Two-phase sweep completes in ~26 minutes end-to-end on a stock laptop (Phase 1: 58 runs in ~14 min; Phase 2: 38 runs in ~11 min), with a 100% pass rate against expected verdicts. Concrete-shape targets finish in 1–3 seconds each; symbolic targets in ~5–90 seconds.

Real upstream bug rediscovered in ~2 seconds. The matmul_hoist_load kernel that aws-neuron/nki-samples PR #74 corrected, pre-fix, lhsT_tiles was allocated with free-dim TILE_N (=512) where it should have been TILE_M (=128), is pinned in our harness as a regression target. ESBMC reports the shape mismatch in ~2 s on a laptop, without a Neuron device, demonstrating that the technique catches bugs of the class that have shipped in real NKI code. (This is a retroactive reproduction of an already-fixed upstream issue, not a new discovery.)

New division-by-zero bug filed and fixed upstream.

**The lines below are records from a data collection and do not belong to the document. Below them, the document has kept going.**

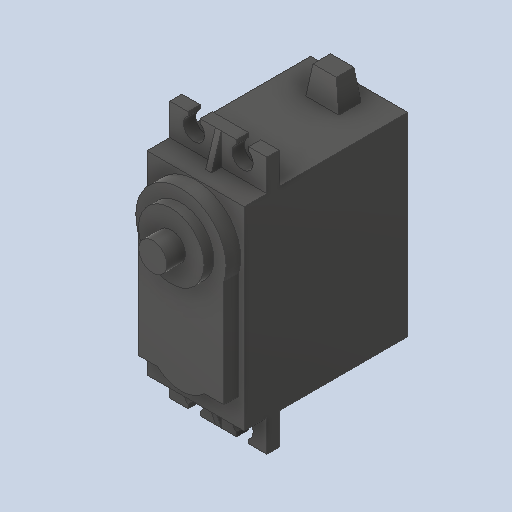
# Autodesk Inventor part: servo motor HS-7955TG
Saved by Autodesk Inventor 2022 (Build 260153000, 153)
## iProperties
Created: 2017-12-19
Part Number: servo motor HS-7955TG
Material: Generic
Document SubType Name: Modeling
Designer: s41607
Density: 1 g/cm^3
Appearance: Smooth - Dark Gray
Author: s41607
Autodesk Inventor part; units mm, degrees
ref_plane "YZ Plane" through (0, 0, 0) normal (1, 0, 0) x (0, 1, 0)
ref_plane "XZ Plane" through (0, 0, 0) normal (0, 1, 0) x (-1, 0, 0)
ref_plane "XY Plane" through (0, 0, 0) normal (0, 0, 1) x (1, 0, 0)
sketch "Sketch1" plane through (0, 0, 0) normal (0, 0, 1) x (1, 0, 0)
  line L0 (-14, 0) -> (14, 0) projected
  line L1 (0, 28) -> (0, -28) projected
  line L2 (-10, 20) -> (10, 20)
  line L3 (10, 20) -> (10, -20)
  line L4 (10, -20) -> (-10, -20)
  line L5 (-10, -20) -> (-10, 20)
  point P0 (0, 0)
  dimension "d0" = 20
  dimension "d1" = 40
  constraints: 8 end point, 2 parallel, 1 horizontal, 1 perpendicular, 2 other
  measures "d0" distance of L2.start L2.end
  measures "d1" distance of L4.end L2.start
extrude "Extrusion1" add sketch "Sketch1" along normal blind 7.2 and the other way blind 26.5
sketch "Sketch2" plane through (0, 0, 0) normal (0, 0, 1) x (1, 0, 0)
  line L0 (-14, 0) -> (14, 0) projected
  line L1 (0, 28) -> (0, -28) projected
  line L2 (-10, 20) -> (-10, -20) projected
  line L3 (10, -20) -> (10, 20) projected
  line L4 (-10, 26.5) -> (10, 26.5)
  line L5 (10, 26.5) -> (10, -26.5)
  line L6 (10, -26.5) -> (-10, -26.5)
  line L7 (-10, -26.5) -> (-10, 26.5)
  point P0 (0, 0)
  dimension "d6" = 53
  constraints: 8 end point, 2 collinear, 2 parallel, 1 horizontal, 1 perpendicular, 1 other
  measures "d6" distance of L6.end L4.start
extrude "Extrusion2" add sketch "Sketch2" along normal blind 2.5
sketch "Sketch3" plane through (0, 0, 0) normal (0, 0, 1) x (1, 0, 0)
  line L0 (0, 37.1) -> (0, -37.1) projected
  line L1 (-14, 0) -> (14, 0) projected
  line L2 (-5, 23.925) -> (5, 23.925) construction
  line L3 (5, 23.925) -> (5, -23.925) construction
  line L4 (5, -23.925) -> (-5, -23.925) construction
  line L5 (-5, -23.925) -> (-5, 23.925) construction
  point P0 (0, 0)
  dimension "d9" = 47.85
  dimension "d10" = 10
  constraints: 8 end point, 4 coincident, 2 parallel, 1 horizontal, 1 perpendicular, 2 other
  measures "d9" distance of L2.end L3.end
  measures "d10" distance of L2.start L2.end
hole "Hole1" at (5, 23.925, 0) at (-5, 23.925, 0) at (-5, -23.925, 0) at (5, -23.925, 0) direction (0, 0, 1) diameter 4.35 depth 8 tip angle 118
sketch "Sketch4" plane through (0, 0, 0) normal (0, 0, 1) x (1, 0, 0)
  line L0 (-14, 0) -> (14, 0) projected
  line L1 (0, 37.1) -> (0, -37.1) projected
  line L2 (10, 26.5) -> (-10, 26.5) projected
  line L3 (-10, -26.5) -> (10, -26.5) projected
  circle A0 centre (-5, 23.925) radius 2.175 projected
  circle A1 centre (5, 23.925) radius 2.175 projected
  circle A2 centre (-5, -23.925) radius 2.175 projected
  circle A3 centre (5, -23.925) radius 2.175 projected
  line L4 (-6.25, -23.925) -> (-3.75, -23.925)
  line L5 (-3.75, -23.925) -> (-3.75, -26.5)
  line L6 (-3.75, -26.5) -> (-6.25, -26.5)
  line L7 (-6.25, -26.5) -> (-6.25, -23.925)
  line L8 (6.25, -23.925) -> (3.75, -23.925)
  line L9 (3.75, -23.925) -> (3.75, -26.5)
  line L10 (3.75, -26.5) -> (6.25, -26.5)
  line L11 (6.25, -26.5) -> (6.25, -23.925)
  line L12 (-10, 26.5) -> (10, 26.5) projected
  line L13 (6.25, 26.5) -> (3.75, 26.5)
  line L14 (3.75, 26.5) -> (3.75, 23.925)
  line L15 (3.75, 23.925) -> (6.25, 23.925)
  line L16 (6.25, 23.925) -> (6.25, 26.5)
  line L17 (-3.75, 26.5) -> (-6.25, 26.5)
  line L18 (-6.25, 26.5) -> (-6.25, 23.925)
  line L19 (-6.25, 23.925) -> (-3.75, 23.925)
  line L20 (-3.75, 23.925) -> (-3.75, 26.5)
  point P0 (0, 0)
  dimension "d18" = 2.5
  dimension "d19" = 2.5
  dimension "d20" = 2.5
  dimension "d21" = 2.5
  constraints: 32 end point, 8 parallel, 4 coincident, 4 horizontal, 4 midpoint, 4 perpendicular, 4 point on line
  measures "d18" distance between parallel lines of L7 L5
  measures "d19" distance between parallel lines of L11 L9
  measures "d20" distance between parallel lines of L16 L14
  measures "d21" distance between parallel lines of L20 L18
extrude "Extrusion3" cut sketch "Sketch4" along normal through all contours L9 A3 L11 L3 | L3 L7 A2 L5 | L2 L16 A1 L14 | L20 A0 L18 L2 | A1 L16 L15 L14 | L20 L19 L18 A0 | A2 L7 L4 L5 | L9 L8 L11 A3 picked at (4.9114, 24.6446) picked at (-5.0886, 24.6446) picked at (-5.0886, -24.6446) picked at (4.9114, -24.6446)
sketch "Sketch5" plane through (0, 0, 0) normal (1, 0, 0) x (0, 1, 0)
  line L0 (20, 2.5) -> (26.5, 2.5) projected
  line L1 (20, 7.2) -> (20, 2.5) projected
  line L2 (26.5, 2.5) -> (20, 2.5)
  line L3 (20, 2.5) -> (20, 4.5)
  line L4 (20, 4.5) -> (26.5, 2.5)
  point P0 (0, 0)
  dimension "d24" = 2
  constraints: 6 end point, 1 horizontal, 1 point on line
  measures "d24" distance from line of L3.end L0
extrude "Extrusion4" add sketch "Sketch5" along normal mid plane 1.2
mirror "Mirror1" about plane through (0, 0, 0) normal (0, 1, 0) of "Extrusion4"
sketch "Sketch6" plane through (0, 0, 7.2) normal (0, 0, 1) x (1, 0, 0)
  line L0 (0, 37.1) -> (0, -37.1) projected
  line L1 (-14, 0) -> (14, 0) projected
  circle A0 centre (0, 10.5) radius 6.75
  line L2 (-10, -20) -> (10, -20) projected
  point P0 (0, 0)
  dimension "d27" = 30.5
  dimension "d28" = 13.5
  constraints: 1 centre point, 1 point on line
  measures "d27" distance from line of A0.centre L2
  measures "d28" diameter of A0
extrude "Extrusion5" add sketch "Sketch6" along normal blind 5
sketch "Sketch7" plane through (0, 0, 7.2) normal (0, 0, 1) x (1, 0, 0)
  circle A0 centre (0, 10.5) radius 6.75 projected
  circle A1 centre (0, 10.5) radius 9.3
  point P0 (0, 0)
  dimension "d31" = 18.6
  constraints: 1 centre point, 1 coincident
  measures "d31" diameter of A1
extrude "Extrusion6" add sketch "Sketch7" along normal blind 3
sketch "Sketch8" plane through (0, 0, 7.2) normal (0, 0, 1) x (1, 0, 0)
  line L0 (-14, 0) -> (14, 0) projected
  line L1 (0, 37.1) -> (0, -37.1) projected
  circle A0 centre (0, 10.5) radius 9.3 projected
  line L2 (-8.85, 10.5) -> (8.85, 10.5)
  line L3 (8.85, 10.5) -> (8.85, -14.4)
  line L4 (8.85, -14.4) -> (-8.85, -14.4)
  line L5 (-8.85, -14.4) -> (-8.85, 10.5)
  line L6 (10, 20) -> (-10, 20) projected
  point P0 (0, 0)
  dimension "d34" = 17.7
  dimension "d35" = 34.4
  constraints: 8 end point, 2 parallel, 1 coincident, 1 horizontal, 1 midpoint, 1 perpendicular
  measures "d34" distance of L3.end L4.end
  measures "d35" distance between parallel lines of L4 L6
extrude "Extrusion7" add sketch "Sketch8" along normal blind 3 contours L5 A0 L1 L0 | L0 L1 L4 L5 | L1 A0 L3 L0 | L0 L3 L4 L1 | L5 L2 L1 A0 | L1 L2 L3 A0 picked at (-5.9, 9.5474) picked at (5.9, 9.5474)
sketch "Sketch9" plane through (0, 0, 7.2) normal (0, 0, 1) x (1, 0, 0)
  line L0 (0, 37.1) -> (0, -37.1) projected
  line L1 (10, 20) -> (-10, 20) projected
  line L2 (-8.85, -14.4) -> (8.85, -14.4) projected
  arc A0 (-4.8, -14.4) -> (4.8, -14.4) centre (0, -9.4673) ccw
  point P0 (0, 0)
  dimension "d38" = 9.6
  dimension "d39" = 36.35
  constraints: 3 point on line, 2 point on circle, 1 centre point
  measures "d38" distance of A0.start A0.end
extrude "Extrusion8" add sketch "Sketch9" along normal blind 3
sketch "Sketch10" plane through (-10, 20, -26.5) normal (0, 1, 0) x (1, 0, 0)
  line L0 (0, 0) -> (20, 0) projected
  line L1 (10, 7.74) -> (10, -46.44) projected
  line L2 (0, -26.5) -> (20, -26.5) projected
  line L3 (20, -26.5) -> (20, 0) projected
  line L4 (0, 0) -> (20, 0) projected
  line L5 (0, 0) -> (0, -26.5) projected
  line L6 (6.6, -7.6) -> (13.4, -7.6)
  line L7 (13.4, -7.6) -> (13.4, -3)
  line L8 (13.4, -3) -> (6.6, -3)
  line L9 (6.6, -3) -> (6.6, -7.6)
  point P0 (10, -26.5)
  dimension "d42" = 3
  dimension "d43" = 4.6
  dimension "d44" = 6.8
  constraints: 8 end point, 2 parallel, 1 horizontal, 1 perpendicular, 1 other
  measures "d42" distance between parallel lines of L8 L0
  measures "d43" distance of L8.end L6.start
  measures "d44" distance of L6.start L6.end
extrude "Extrusion9" add sketch "Sketch10" along normal blind 6 contours L8 L7 L6 L1 | L1 L6 L9 L8
chamfer "Chamfer1" distance 6 distance2 1 1 edges at (3.4, 26, -21.2) measured on face at (3.4, 22, -20.4333)
chamfer "Chamfer2" distance 6 distance2 1 1 edges at (-3.4, 26, -21.2) measured on face at (-3.4, 22, -21.9667)
chamfer "Chamfer3" distance 6 distance2 0.5 1 edges at (0, 26, -18.9) measured on face at (0.8002, 22.0003, -18.9)
chamfer "Chamfer4" distance 6 distance2 0.5 1 edges at (0, 26, -23.5) measured on face at (0.8002, 22.0003, -23.5)
sketch "Sketch11" plane through (0, 10.5, 12.2) normal (0, 0, 1) x (1, 0, 0)
  circle A0 centre (0, 0) radius 6.75 projected
  circle A1 centre (0, 0) radius 2.9
  point P0 (0, -10.5)
  dimension "d59" = 5.8
  constraints: 1 centre point, 1 coincident
  measures "d59" diameter of A1
extrude "Extrusion10" add sketch "Sketch11" along normal blind 3.8 contours A1
equation "\"d19\" = d18"
equation "\"d20\" = d18"
equation "\"d21\" = d18"
body "Solid1"

The Phase-2 CWE-369 check trips a ZeroDivisionError at JIT-trace time in interpolate_bilinear_2x_fwd and interpolate_trilinear_2x_fwd when chunk_size == 1, found without relying on any port-time precondition. We reported it as nki-samples issue #125; AWS adopted the proposed preconditions (chunk_size >= 2, chunked dim >= chunk_size) and merged the fix in PR #126.

Second division-by-zero bug filed and fixed upstream. The Phase-2 multi-property sweep also surfaced a ZeroDivisionError in tensor_avgpool_kernel when pool_size == 0. We reported it as nki-samples issue #127; AWS added the proposed assert pool_size >= 1 guard upstream in commit bb513ac.

~20 ESBMC Python-frontend issues filed and resolved upstream over the course of the PoC, every issue paired with its merging PR in the repository's RETROSPECTIVE.md. Net effect: the ported kernels are now byte-for-byte faithful to the upstream NKI source for indexing, and a class of frontend gaps (named-local-binding workarounds, source-rewrite shims) has been retired in ESBMC itself.

What this means

NKI shape and bounds checking is amenable to bounded model checking with k-induction completeness, at developer-laptop speeds, with no hardware in the loop. The same technique extends to integer-overflow and division-by-zero defects in the host-side glue around kernels. For teams writing or reviewing NKI code, this turns a class of hardware-level failures into compile-time CI gates, and the cost of adoption is a stub library plus a handful of minutes per kernel.

References

  1. lucasccordeiro/AWS-Neuron, public PoC repository (harness, stubs, ported kernels, two-phase verification sweep, retrospective). github.com/lucasccordeiro/AWS-Neuron
  2. aws-neuron/nki-samples, upstream NKI sample kernels (pinned at commit a87aaa44 in the PoC). github.com/aws-neuron/nki-samples
  3. aws-neuron/nki-samples PR #74, matmul SBUF allocation dimension fix (rediscovered retroactively by the PoC). github.com/aws-neuron/nki-samples/pull/74
  4. aws-neuron/nki-samples issue #125 → PR #126, division-by-zero in interpolate_{bi,tri}linear_2x_fwd at chunk_size == 1, filed by the PoC and fixed upstream. github.com/aws-neuron/nki-samples/pull/126
  5. aws-neuron/nki-samples issue #127 → commit bb513ac, division-by-zero in tensor_avgpool_kernel at pool_size == 0, filed by the PoC and fixed upstream. github.com/aws-neuron/nki-samples/commit/bb513ac
  6. ESBMC, open-source bounded model checker, with the Python frontend used in this PoC. github.com/esbmc/esbmc

Note. This page describes an independent, reproducible proof-of-concept published by CRC's founder and ESBMC creator and lead developer, Prof. Lucas Cordeiro (University of Manchester). CRC Ltd is not in a commercial partnership with AWS or the AWS Neuron team, and the PoC was not commissioned by AWS. The two new division-by-zero fixes (nki-samples PR #126 and commit bb513ac) went through the project's public issue tracker. The harness is open source; all results, including the retroactive rediscovery of nki-samples PR #74 and the limits of the symbolic-shape coverage, are reproducible from the public repository.